APELAÇÃO CÍVEL (198) Nº 0000144-61.2019.4.03.9999
RELATOR: Gab. 24 - DES. FED. PAULO DOMINGUES
APELANTE: FERNANDO PEREIRA
Advogado do(a) APELANTE: RENATO VIEIRA BASSI - SP118126-N
APELADO: INSTITUTO NACIONAL DO SEGURO SOCIAL - INSS
OUTROS PARTICIPANTES:
APELAÇÃO CÍVEL (198) Nº 0000144-61.2019.4.03.9999
RELATOR: Gab. 24 - DES. FED. PAULO DOMINGUES
APELANTE: FERNANDO PEREIRA
Advogado do(a) APELANTE: RENATO VIEIRA BASSI - SP118126-N
APELADO: INSTITUTO NACIONAL DO SEGURO SOCIAL - INSS
OUTROS PARTICIPANTES:
R E L A T Ó R I O
Trata-se de ação objetivando a concessão de benefício de aposentadoria por invalidez ou auxílio-doença ou benefício assistencial a partir da citação.
A sentença julgou improcedente o pedido, reconhecendo não ter sido comprovada a qualidade de segurado para a concessão do benefício de aposentadoria por invalidez, ante a cessação do último vínculo laboral em 01/09/2012 e a data de início da incapacidade fixada, outubro/2013, reconhecendo ainda não ter sido comprovada a hipossuficiência econômica necessária à concessão do benefício assistencial. Condenou o autor em honorários advocatícios fixados em 10% sobre o valor da causa, observada a gratuidade concedida.
Apela a parte autora, sustentando o preenchimento dos requisitos para a concessão do benefício de aposentadoria por invalidez postulado, uma vez comprovado nos autos se encontrar acometido de paralisia irreversível incapacitante e cardiopatia grave, patologias previstas no art. 151 da Lei de Benefícios como hipótese de dispensa do cumprimento da carência, pugnando seja concedido o beneficio a partir do requerimento administrativo do benefício assistencial, 15/07/2013. Subsidiariamente, alega ter ocorrido a concessão administrativa do benefício assistencial a partir do ano de 2016, cabível sua concessão a partir de 15/07/2013, sob o entendimento de que o critério da renda per capita familiar não pode ser interpretado de forma absoluta, além de ter sido reconhecido pelo réu o direito do autor ao benefício. Por fim, pede a condenação do INSS em honorários advocatícios de 15% sobre o valor da condenação ou até a data do acórdão.
Sem contrarrazões.
No parecer, o Ministério Público Federal opinou pelo improvimento do recurso, por não ter sido evidenciada a situação de miserabilidade necessária à concessão do benefício assistencial, conforme laudo de estudo social apontando renda per capita superior ao limite legalmente previsto. Alega ainda o não preenchimento dos requisitos par a concessão do benefício de aposentadoria por invalidez.
É o relatório.
APELAÇÃO CÍVEL (198) Nº 0000144-61.2019.4.03.9999
RELATOR: Gab. 24 - DES. FED. PAULO DOMINGUES
APELANTE: FERNANDO PEREIRA
Advogado do(a) APELANTE: RENATO VIEIRA BASSI - SP118126-N
APELADO: INSTITUTO NACIONAL DO SEGURO SOCIAL - INSS
OUTROS PARTICIPANTES:
V O T O
Presentes os pressupostos de admissibilidade, conheço do recurso de apelação.

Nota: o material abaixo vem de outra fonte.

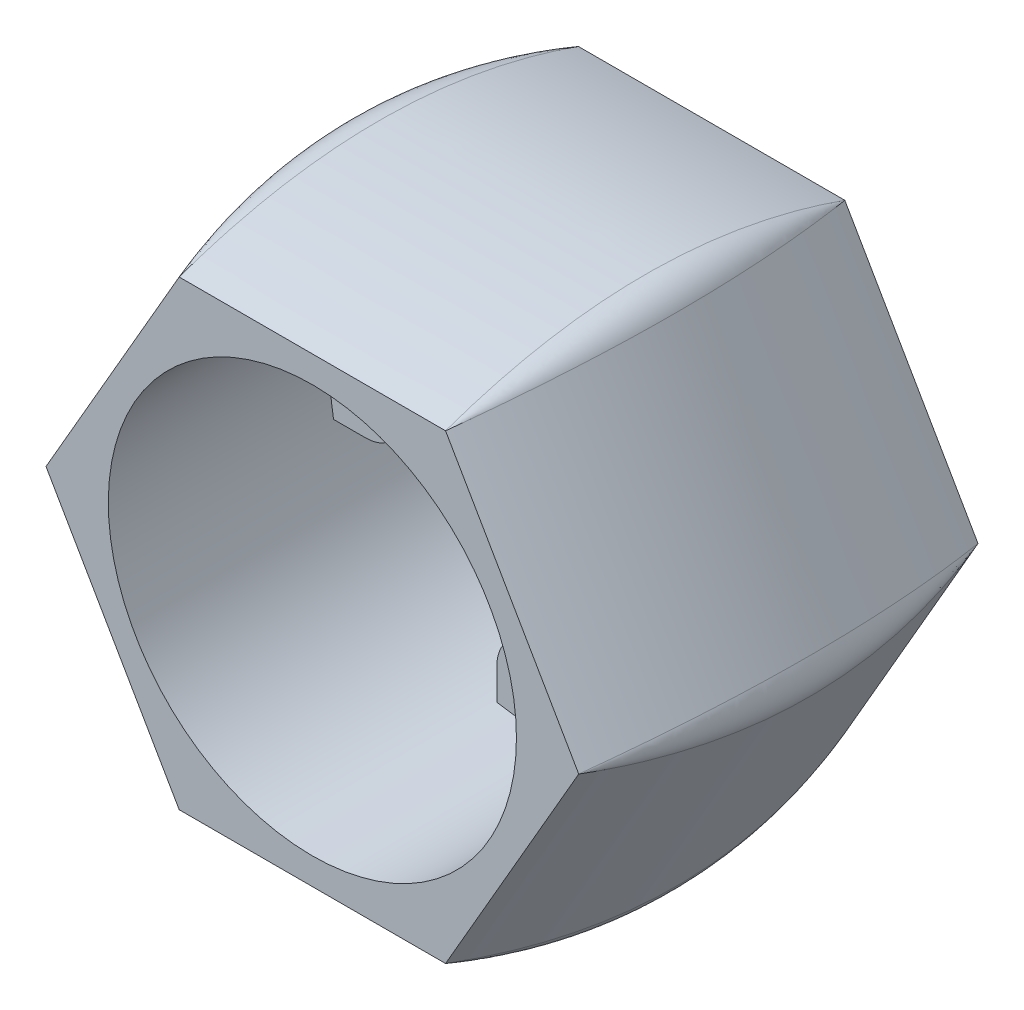
ISO-10303-21;
HEADER;
FILE_DESCRIPTION(('STEP AP214'),'2;1');
FILE_NAME('part.step','',(''),(''),'','','');
FILE_SCHEMA(('AUTOMOTIVE_DESIGN { 1 0 10303 214 1 1 1 1 }'));
ENDSEC;
DATA;
#1=APPLICATION_CONTEXT('core data for automotive mechanical design processes');
#2=APPLICATION_PROTOCOL_DEFINITION('international standard','automotive_design',2000,#1);
#3=PRODUCT_CONTEXT('',#1,'mechanical');
#4=PRODUCT('Part','Part','',(#3));
#5=PRODUCT_RELATED_PRODUCT_CATEGORY('part','',(#4));
#6=PRODUCT_DEFINITION_FORMATION('','',#4);
#7=PRODUCT_DEFINITION_CONTEXT('part definition',#1,'design');
#8=PRODUCT_DEFINITION('design','',#6,#7);
#9=PRODUCT_DEFINITION_SHAPE('','',#8);
#10=(LENGTH_UNIT() NAMED_UNIT(*) SI_UNIT(.MILLI.,.METRE.));
#11=(NAMED_UNIT(*) PLANE_ANGLE_UNIT() SI_UNIT($,.RADIAN.));
#12=(NAMED_UNIT(*) SI_UNIT($,.STERADIAN.) SOLID_ANGLE_UNIT());
#13=UNCERTAINTY_MEASURE_WITH_UNIT(LENGTH_MEASURE(1.E-05),#10,'distance_accuracy_value','');
#14=(GEOMETRIC_REPRESENTATION_CONTEXT(3) GLOBAL_UNCERTAINTY_ASSIGNED_CONTEXT((#13)) GLOBAL_UNIT_ASSIGNED_CONTEXT((#10,
#11,#12)) REPRESENTATION_CONTEXT('',''));
#15=CARTESIAN_POINT('',(0.,0.,0.));
#16=DIRECTION('',(0.,0.,1.));
#17=DIRECTION('',(1.,0.,0.));
#18=AXIS2_PLACEMENT_3D('',#15,#16,#17);
#19=CARTESIAN_POINT('',(0.,0.,45.));
#20=DIRECTION('',(0.,0.,-1.));
#21=DIRECTION('',(-1.,0.,0.));
#22=AXIS2_PLACEMENT_3D('',#19,#20,#21);
#23=CYLINDRICAL_SURFACE('',#22,23.);
#24=DIRECTION('',(0.,0.,-1.));
#25=VECTOR('',#24,1.);
#26=CARTESIAN_POINT('',(22.6132704401641,4.2,20.));
#27=LINE('',#26,#25);
#28=CARTESIAN_POINT('',(22.6132704401641,4.2,20.));
#29=VERTEX_POINT('',#28);
#30=CARTESIAN_POINT('',(22.6132704401641,4.2,0.));
#31=VERTEX_POINT('',#30);
#32=EDGE_CURVE('E401',#29,#31,#27,.T.);
#33=ORIENTED_EDGE('',*,*,#32,.F.);
#34=CARTESIAN_POINT('',(0.,0.,20.));
#35=DIRECTION('',(0.,0.,1.));
#36=DIRECTION('',(1.,0.,0.));
#37=AXIS2_PLACEMENT_3D('',#34,#35,#36);
#38=CIRCLE('',#37,23.);
#39=CARTESIAN_POINT('',(22.6132704401641,-4.2,20.));
#40=VERTEX_POINT('',#39);
#41=EDGE_CURVE('E398',#40,#29,#38,.T.);
#42=ORIENTED_EDGE('',*,*,#41,.F.);
#43=DIRECTION('',(0.,0.,-1.));
#44=VECTOR('',#43,1.);
#45=CARTESIAN_POINT('',(22.6132704401641,-4.2,20.));
#46=LINE('',#45,#44);
#47=CARTESIAN_POINT('',(22.6132704401641,-4.2,0.));
#48=VERTEX_POINT('',#47);
#49=EDGE_CURVE('E419',#40,#48,#46,.T.);
#50=ORIENTED_EDGE('',*,*,#49,.T.);
#51=CARTESIAN_POINT('',(0.,0.,0.));
#52=DIRECTION('',(0.,0.,1.));
#53=DIRECTION('',(1.,0.,0.));
#54=AXIS2_PLACEMENT_3D('',#51,#52,#53);
#55=CIRCLE('',#54,23.);
#56=CARTESIAN_POINT('',(4.2,-22.6132704401641,0.));
#57=VERTEX_POINT('',#56);
#58=EDGE_CURVE('E430',#57,#48,#55,.T.);
#59=ORIENTED_EDGE('',*,*,#58,.F.);
#60=DIRECTION('',(0.,0.,-1.));
#61=VECTOR('',#60,1.);
#62=CARTESIAN_POINT('',(4.2,-22.6132704401641,20.));
#63=LINE('',#62,#61);
#64=CARTESIAN_POINT('',(4.2,-22.6132704401641,20.));
#65=VERTEX_POINT('',#64);
#66=EDGE_CURVE('E450',#65,#57,#63,.T.);
#67=ORIENTED_EDGE('',*,*,#66,.F.);
#68=CARTESIAN_POINT('',(0.,0.,20.));
#69=DIRECTION('',(0.,0.,1.));
#70=DIRECTION('',(1.,0.,0.));
#71=AXIS2_PLACEMENT_3D('',#68,#69,#70);
#72=CIRCLE('',#71,23.);
#73=CARTESIAN_POINT('',(-4.2,-22.6132704401641,20.));
#74=VERTEX_POINT('',#73);
#75=EDGE_CURVE('E447',#74,#65,#72,.T.);
#76=ORIENTED_EDGE('',*,*,#75,.F.);
#77=DIRECTION('',(0.,0.,-1.));
#78=VECTOR('',#77,1.);
#79=CARTESIAN_POINT('',(-4.2,-22.6132704401641,20.));
#80=LINE('',#79,#78);
#81=CARTESIAN_POINT('',(-4.2,-22.6132704401641,0.));
#82=VERTEX_POINT('',#81);
#83=EDGE_CURVE('E466',#74,#82,#80,.T.);
#84=ORIENTED_EDGE('',*,*,#83,.T.);
#85=CARTESIAN_POINT('',(-22.6132704401641,-4.2,0.));
#86=VERTEX_POINT('',#85);
#87=EDGE_CURVE('E616',#86,#82,#55,.T.);
#88=ORIENTED_EDGE('',*,*,#87,.F.);
#89=DIRECTION('',(0.,0.,-1.));
#90=VECTOR('',#89,1.);
#91=CARTESIAN_POINT('',(-22.6132704401641,-4.2,20.));
#92=LINE('',#91,#90);
#93=CARTESIAN_POINT('',(-22.6132704401641,-4.2,20.));
#94=VERTEX_POINT('',#93);
#95=EDGE_CURVE('E495',#94,#86,#92,.T.);
#96=ORIENTED_EDGE('',*,*,#95,.F.);
#97=CARTESIAN_POINT('',(0.,0.,20.));
#98=DIRECTION('',(0.,0.,1.));
#99=DIRECTION('',(1.,0.,0.));
#100=AXIS2_PLACEMENT_3D('',#97,#98,#99);
#101=CIRCLE('',#100,23.);
#102=CARTESIAN_POINT('',(-22.6132704401641,4.2,20.));
#103=VERTEX_POINT('',#102);
#104=EDGE_CURVE('E492',#103,#94,#101,.T.);
#105=ORIENTED_EDGE('',*,*,#104,.F.);
#106=DIRECTION('',(0.,0.,-1.));
#107=VECTOR('',#106,1.);
#108=CARTESIAN_POINT('',(-22.6132704401641,4.2,20.));
#109=LINE('',#108,#107);
#110=CARTESIAN_POINT('',(-22.6132704401641,4.2,0.));
#111=VERTEX_POINT('',#110);
#112=EDGE_CURVE('E511',#103,#111,#109,.T.);
#113=ORIENTED_EDGE('',*,*,#112,.T.);
#114=CARTESIAN_POINT('',(-4.2,22.6132704401641,0.));
#115=VERTEX_POINT('',#114);
#116=EDGE_CURVE('E587',#115,#111,#55,.T.);
#117=ORIENTED_EDGE('',*,*,#116,.F.);
#118=DIRECTION('',(0.,0.,-1.));
#119=VECTOR('',#118,1.);
#120=CARTESIAN_POINT('',(-4.2,22.6132704401641,20.));
#121=LINE('',#120,#119);
#122=CARTESIAN_POINT('',(-4.2,22.6132704401641,20.));
#123=VERTEX_POINT('',#122);
#124=EDGE_CURVE('E540',#123,#115,#121,.T.);
#125=ORIENTED_EDGE('',*,*,#124,.F.);
#126=CARTESIAN_POINT('',(0.,0.,20.));
#127=DIRECTION('',(0.,0.,1.));
#128=DIRECTION('',(1.,0.,0.));
#129=AXIS2_PLACEMENT_3D('',#126,#127,#128);
#130=CIRCLE('',#129,23.);
#131=CARTESIAN_POINT('',(4.2,22.6132704401641,20.));
#132=VERTEX_POINT('',#131);
#133=EDGE_CURVE('E537',#132,#123,#130,.T.);
#134=ORIENTED_EDGE('',*,*,#133,.F.);
#135=DIRECTION('',(0.,0.,-1.));
#136=VECTOR('',#135,1.);
#137=CARTESIAN_POINT('',(4.2,22.6132704401641,20.));
#138=LINE('',#137,#136);
#139=CARTESIAN_POINT('',(4.2,22.6132704401641,0.));
#140=VERTEX_POINT('',#139);
#141=EDGE_CURVE('E556',#132,#140,#138,.T.);
#142=ORIENTED_EDGE('',*,*,#141,.T.);
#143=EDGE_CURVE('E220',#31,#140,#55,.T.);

A Lei nº 8.213/91, no artigo 42, estabelece os requisitos necessários para a concessão do benefício de aposentadoria por invalidez, quais sejam: qualidade de segurado, cumprimento da carência, quando exigida, e moléstia incapacitante e insuscetível de reabilitação para atividade que lhe garanta a subsistência. O auxílio-doença, por sua vez, tem seus pressupostos previstos nos artigos 59 a 63 da Lei nº 8.213/91, sendo concedido nos casos de incapacidade temporária.
É dizer: a incapacidade total e permanente para o exercício de atividade que garanta a subsistência enseja a concessão do benefício de aposentadoria por invalidez; a incapacidade total e temporária para o exercício de atividade que garanta a subsistência justifica a concessão do benefício de auxílio-doença e a incapacidade parcial e temporária somente legitima a concessão do benefício de auxílio-doença se impossibilitar o exercício do labor ou da atividade habitual por mais de 15 (quinze) dias pelo segurado.
A condição de segurado (obrigatório ou facultativo) decorre da inscrição no regime de previdência pública, cumulada com o recolhimento das contribuições correspondentes.
O artigo 15 da Lei nº 8.213/91 dispõe sobre as hipóteses de manutenção da qualidade de segurado, independentemente de contribuições; trata-se do denominado período de graça, durante o qual remanesce o direito a toda a cobertura previdenciária. Confira-se:
“Art. 15. Mantém a qualidade de segurado, independentemente de contribuições:
I - sem limite de prazo, quem está em gozo de benefício;
II - até 12 (doze) meses após a cessação das contribuições, o segurado que deixar de exercer atividade remunerada abrangida pela Previdência Social ou estiver suspenso ou licenciado sem remuneração;
III - até 12 (doze) meses após cessar a segregação, o segurado acometido de doença de segregação compulsória;
IV - até 12 (doze) meses após o livramento, o segurado retido ou recluso;
V - até 3 (três) meses após o licenciamento, o segurado incorporado às Forças Armadas para prestar serviço militar;
VI - até 6 (seis) meses após a cessação das contribuições, o segurado facultativo.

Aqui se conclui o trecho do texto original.